Work to be completed> Repeat each line of the data below exactly, but skip the pictures.
Extracted information Block Start
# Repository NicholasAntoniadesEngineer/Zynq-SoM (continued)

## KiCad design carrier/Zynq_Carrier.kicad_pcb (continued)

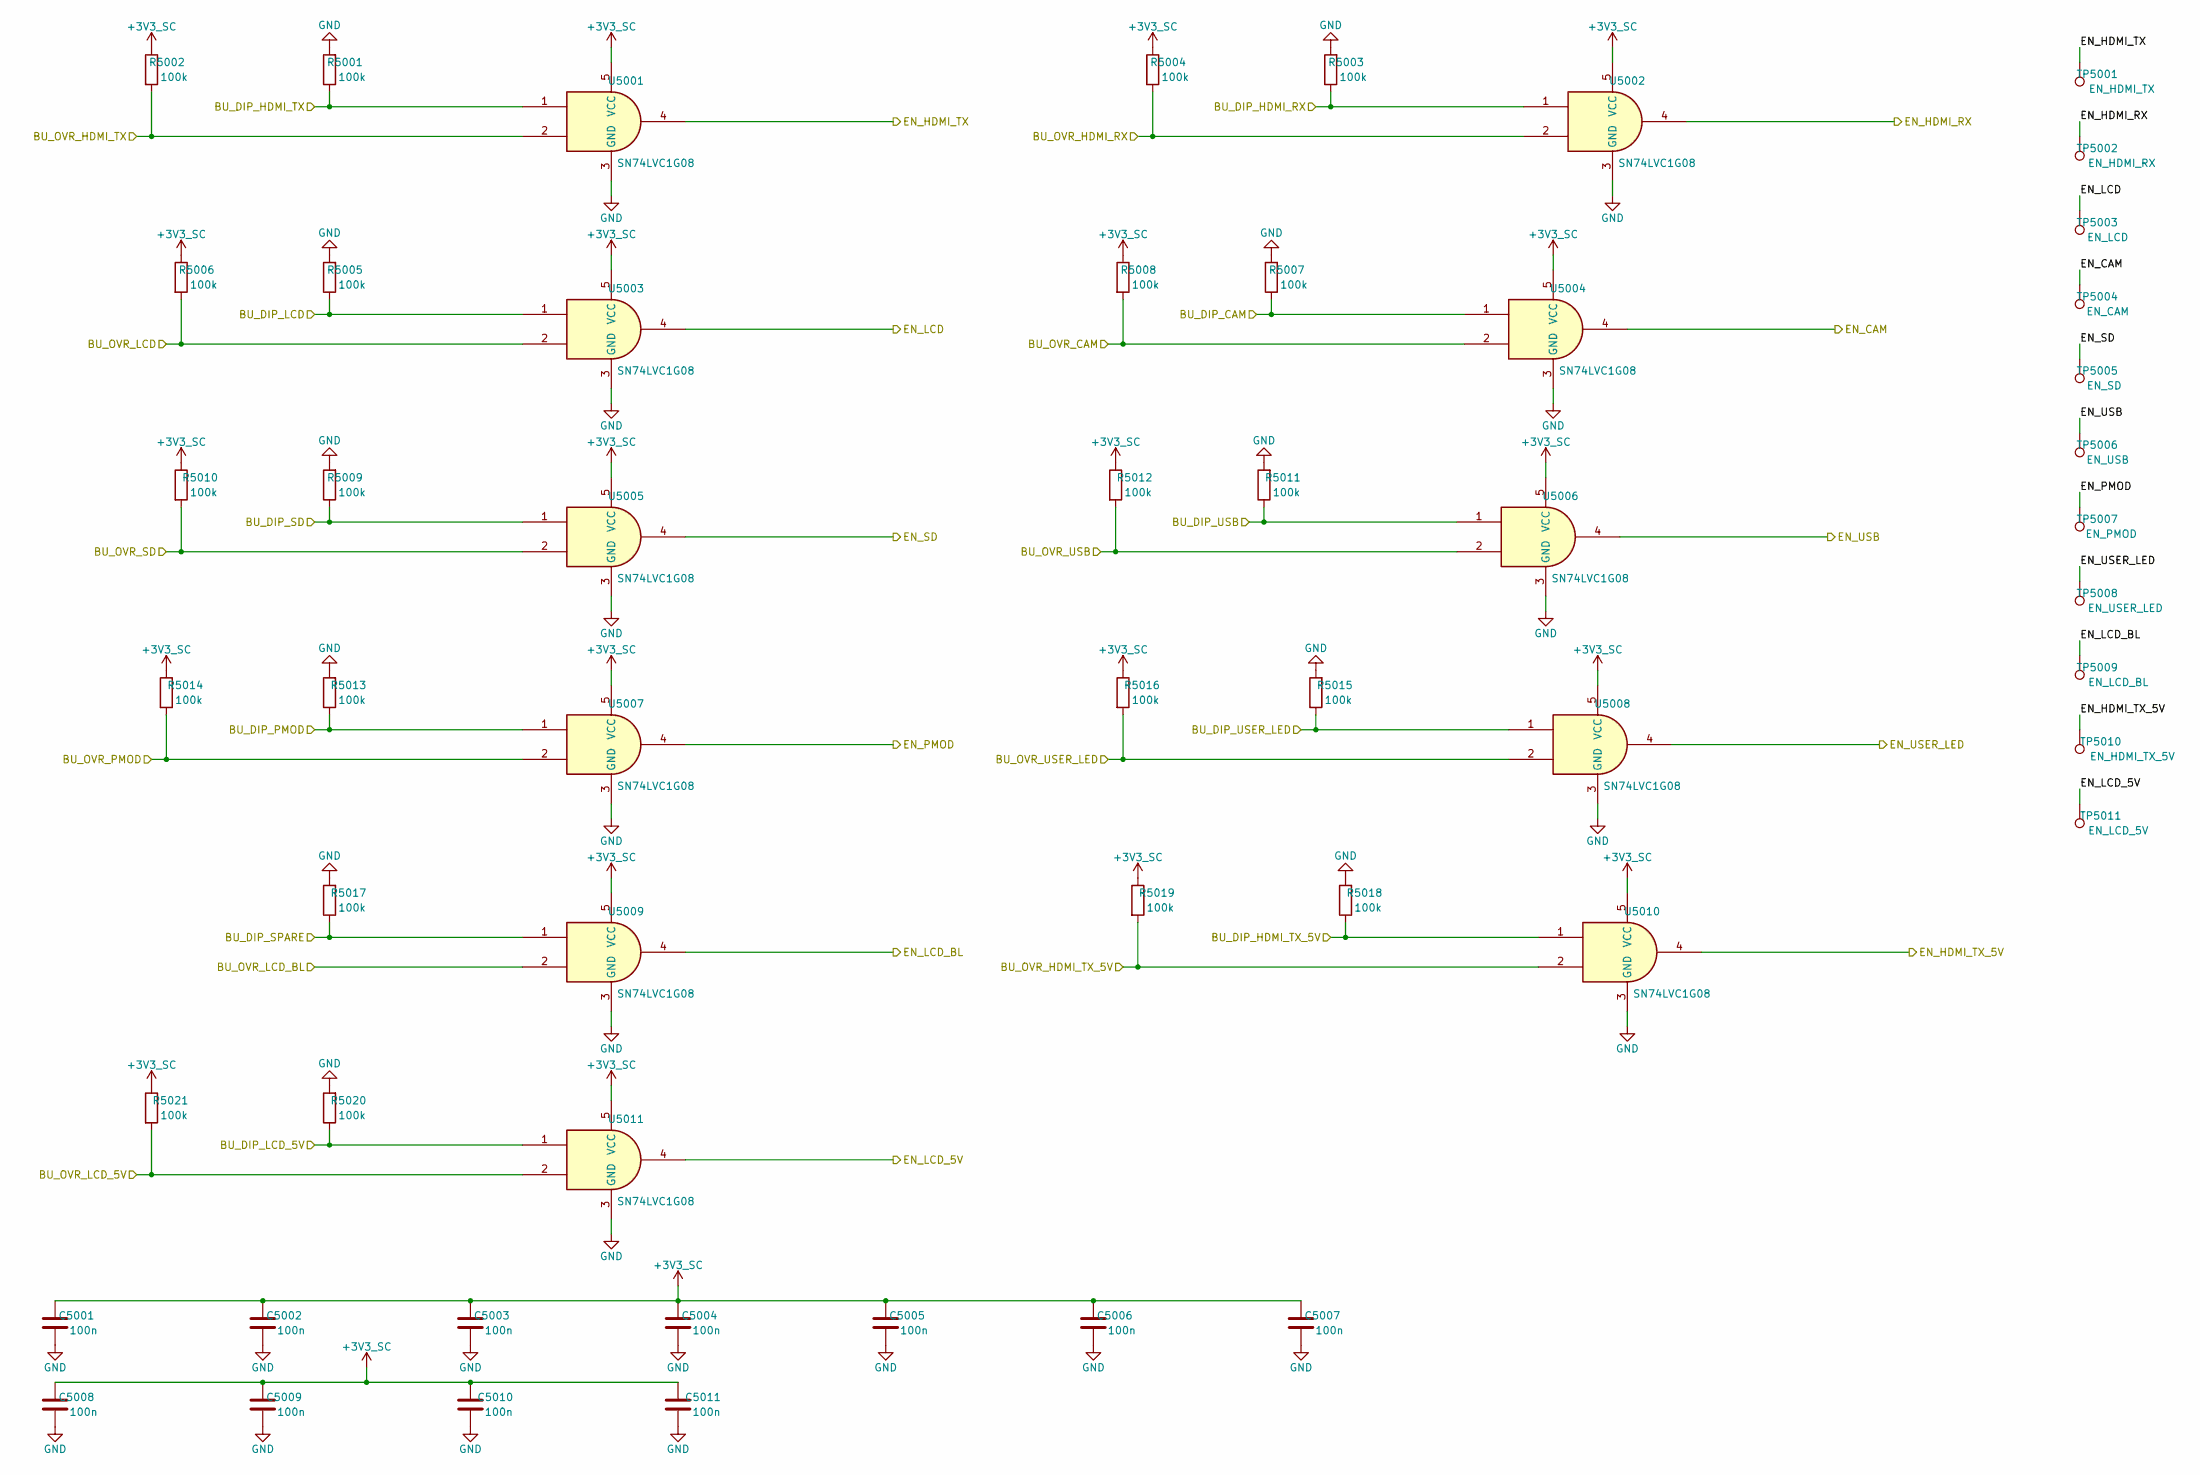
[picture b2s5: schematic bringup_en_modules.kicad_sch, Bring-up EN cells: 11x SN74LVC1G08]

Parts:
C5001, C5002, C5003, C5004, C5005, C5006, C5007, C5008, C5009, C5010, C5011: 100n; C_0603_1608Metric; LCSC C14663
R5001, R5002, R5003, R5004, R5005, R5006, R5007, R5008, R5009, R5010, R5011, R5012, R5013, R5014, R5015, R5016, R5017, R5018, R5019, R5020, R5021: 100k; R_0603_1608Metric; LCSC C25803
TP5001: EN_HDMI_TX; TestPoint_Pad_D1.5mm
TP5002: EN_HDMI_RX; TestPoint_Pad_D1.5mm
TP5003: EN_LCD; TestPoint_Pad_D1.5mm
TP5004: EN_CAM; TestPoint_Pad_D1.5mm
TP5005: EN_SD; TestPoint_Pad_D1.5mm
TP5006: EN_USB; TestPoint_Pad_D1.5mm
TP5007: EN_PMOD; TestPoint_Pad_D1.5mm
TP5008: EN_USER_LED; TestPoint_Pad_D1.5mm
TP5009: EN_LCD_BL; TestPoint_Pad_D1.5mm
TP5010: EN_HDMI_TX_5V; TestPoint_Pad_D1.5mm
TP5011: EN_LCD_5V; TestPoint_Pad_D1.5mm
U5001, U5002, U5003, U5004, U5005, U5006, U5007, U5008, U5009, U5010, U5011: SN74LVC1G08; SOT-23-5; LCSC C7666

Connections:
+3V3_SC: C5001.1, C5002.1, C5003.1, C5004.1, C5005.1, C5006.1, C5007.1, C5008.1, C5009.1, C5010.1, C5011.1, R5002.1, R5004.1, R5006.1, R5008.1, R5010.1, R5012.1, R5014.1, R5016.1, R5019.1, R5021.1, U5001.5 (VCC), U5002.5 (VCC), U5003.5 (VCC), U5004.5 (VCC), U5005.5 (VCC), U5006.5 (VCC), U5007.5 (VCC), U5008.5 (VCC), U5009.5 (VCC), U5010.5 (VCC), U5011.5 (VCC); also elsewhere on the board
BU_DIP_CAM: R5007.1, U5004.1; also elsewhere on the board
BU_DIP_HDMI_RX: R5003.1, U5002.1; also elsewhere on the board
BU_DIP_HDMI_TX: R5001.1, U5001.1; also elsewhere on the board
BU_DIP_HDMI_TX_5V: R5018.1, U5010.1; also elsewhere on the board
BU_DIP_LCD: R5005.1, U5003.1; also elsewhere on the board
BU_DIP_LCD_5V: R5020.1, U5011.1; also elsewhere on the board
BU_DIP_PMOD: R5013.1, U5007.1; also elsewhere on the board
BU_DIP_SD: R5009.1, U5005.1; also elsewhere on the board
BU_DIP_SPARE: R5017.1, U5009.1; also elsewhere on the board
BU_DIP_USB: R5011.1, U5006.1; also elsewhere on the board
BU_DIP_USER_LED: R5015.1, U5008.1; also elsewhere on the board
BU_OVR_CAM: R5008.2, U5004.2; also elsewhere on the board
BU_OVR_HDMI_RX: R5004.2, U5002.2; also elsewhere on the board
BU_OVR_HDMI_TX: R5002.2, U5001.2; also elsewhere on the board
BU_OVR_HDMI_TX_5V: R5019.2, U5010.2; also elsewhere on the board
BU_OVR_LCD: R5006.2, U5003.2; also elsewhere on the board
BU_OVR_LCD_5V: R5021.2, U5011.2; also elsewhere on the board
BU_OVR_LCD_BL: U5009.2; also elsewhere on the board
BU_OVR_PMOD: R5014.2, U5007.2; also elsewhere on the board
BU_OVR_SD: R5010.2, U5005.2; also elsewhere on the board
BU_OVR_USB: R5012.2, U5006.2; also elsewhere on the board
BU_OVR_USER_LED: R5016.2, U5008.2; also elsewhere on the board
EN_CAM: TP5004.1, U5004.4; also elsewhere on the board
EN_HDMI_RX: TP5002.1, U5002.4; also elsewhere on the board
EN_HDMI_TX: TP5001.1, U5001.4; also elsewhere on the board
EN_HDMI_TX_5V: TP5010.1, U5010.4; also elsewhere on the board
Extracted information Block End
Written reply>
# Repository NicholasAntoniadesEngineer/Zynq-SoM (continued)

## KiCad design carrier/Zynq_Carrier.kicad_pcb (continued)

[picture b2s5: schematic bringup_en_modules.kicad_sch, Bring-up EN cells: 11x SN74LVC1G08]

Parts:
C5001, C5002, C5003, C5004, C5005, C5006, C5007, C5008, C5009, C5010, C5011: 100n; C_0603_1608Metric; LCSC C14663
R5001, R5002, R5003, R5004, R5005, R5006, R5007, R5008, R5009, R5010, R5011, R5012, R5013, R5014, R5015, R5016, R5017, R5018, R5019, R5020, R5021: 100k; R_0603_1608Metric; LCSC C25803
TP5001: EN_HDMI_TX; TestPoint_Pad_D1.5mm
TP5002: EN_HDMI_RX; TestPoint_Pad_D1.5mm
TP5003: EN_LCD; TestPoint_Pad_D1.5mm
TP5004: EN_CAM; TestPoint_Pad_D1.5mm
TP5005: EN_SD; TestPoint_Pad_D1.5mm
TP5006: EN_USB; TestPoint_Pad_D1.5mm
TP5007: EN_PMOD; TestPoint_Pad_D1.5mm
TP5008: EN_USER_LED; TestPoint_Pad_D1.5mm
TP5009: EN_LCD_BL; TestPoint_Pad_D1.5mm
TP5010: EN_HDMI_TX_5V; TestPoint_Pad_D1.5mm
TP5011: EN_LCD_5V; TestPoint_Pad_D1.5mm
U5001, U5002, U5003, U5004, U5005, U5006, U5007, U5008, U5009, U5010, U5011: SN74LVC1G08; SOT-23-5; LCSC C7666

Connections:
+3V3_SC: C5001.1, C5002.1, C5003.1, C5004.1, C5005.1, C5006.1, C5007.1, C5008.1, C5009.1, C5010.1, C5011.1, R5002.1, R5004.1, R5006.1, R5008.1, R5010.1, R5012.1, R5014.1, R5016.1, R5019.1, R5021.1, U5001.5 (VCC), U5002.5 (VCC), U5003.5 (VCC), U5004.5 (VCC), U5005.5 (VCC), U5006.5 (VCC), U5007.5 (VCC), U5008.5 (VCC), U5009.5 (VCC), U5010.5 (VCC), U5011.5 (VCC); also elsewhere on the board
BU_DIP_CAM: R5007.1, U5004.1; also elsewhere on the board
BU_DIP_HDMI_RX: R5003.1, U5002.1; also elsewhere on the board
BU_DIP_HDMI_TX: R5001.1, U5001.1; also elsewhere on the board
BU_DIP_HDMI_TX_5V: R5018.1, U5010.1; also elsewhere on the board
BU_DIP_LCD: R5005.1, U5003.1; also elsewhere on the board
BU_DIP_LCD_5V: R5020.1, U5011.1; also elsewhere on the board
BU_DIP_PMOD: R5013.1, U5007.1; also elsewhere on the board
BU_DIP_SD: R5009.1, U5005.1; also elsewhere on the board
BU_DIP_SPARE: R5017.1, U5009.1; also elsewhere on the board
BU_DIP_USB: R5011.1, U5006.1; also elsewhere on the board
BU_DIP_USER_LED: R5015.1, U5008.1; also elsewhere on the board
BU_OVR_CAM: R5008.2, U5004.2; also elsewhere on the board
BU_OVR_HDMI_RX: R5004.2, U5002.2; also elsewhere on the board
BU_OVR_HDMI_TX: R5002.2, U5001.2; also elsewhere on the board
BU_OVR_HDMI_TX_5V: R5019.2, U5010.2; also elsewhere on the board
BU_OVR_LCD: R5006.2, U5003.2; also elsewhere on the board
BU_OVR_LCD_5V: R5021.2, U5011.2; also elsewhere on the board
BU_OVR_LCD_BL: U5009.2; also elsewhere on the board
BU_OVR_PMOD: R5014.2, U5007.2; also elsewhere on the board
BU_OVR_SD: R5010.2, U5005.2; also elsewhere on the board
BU_OVR_USB: R5012.2, U5006.2; also elsewhere on the board
BU_OVR_USER_LED: R5016.2, U5008.2; also elsewhere on the board
EN_CAM: TP5004.1, U5004.4; also elsewhere on the board
EN_HDMI_RX: TP5002.1, U5002.4; also elsewhere on the board
EN_HDMI_TX: TP5001.1, U5001.4; also elsewhere on the board
EN_HDMI_TX_5V: TP5010.1, U5010.4; also elsewhere on the board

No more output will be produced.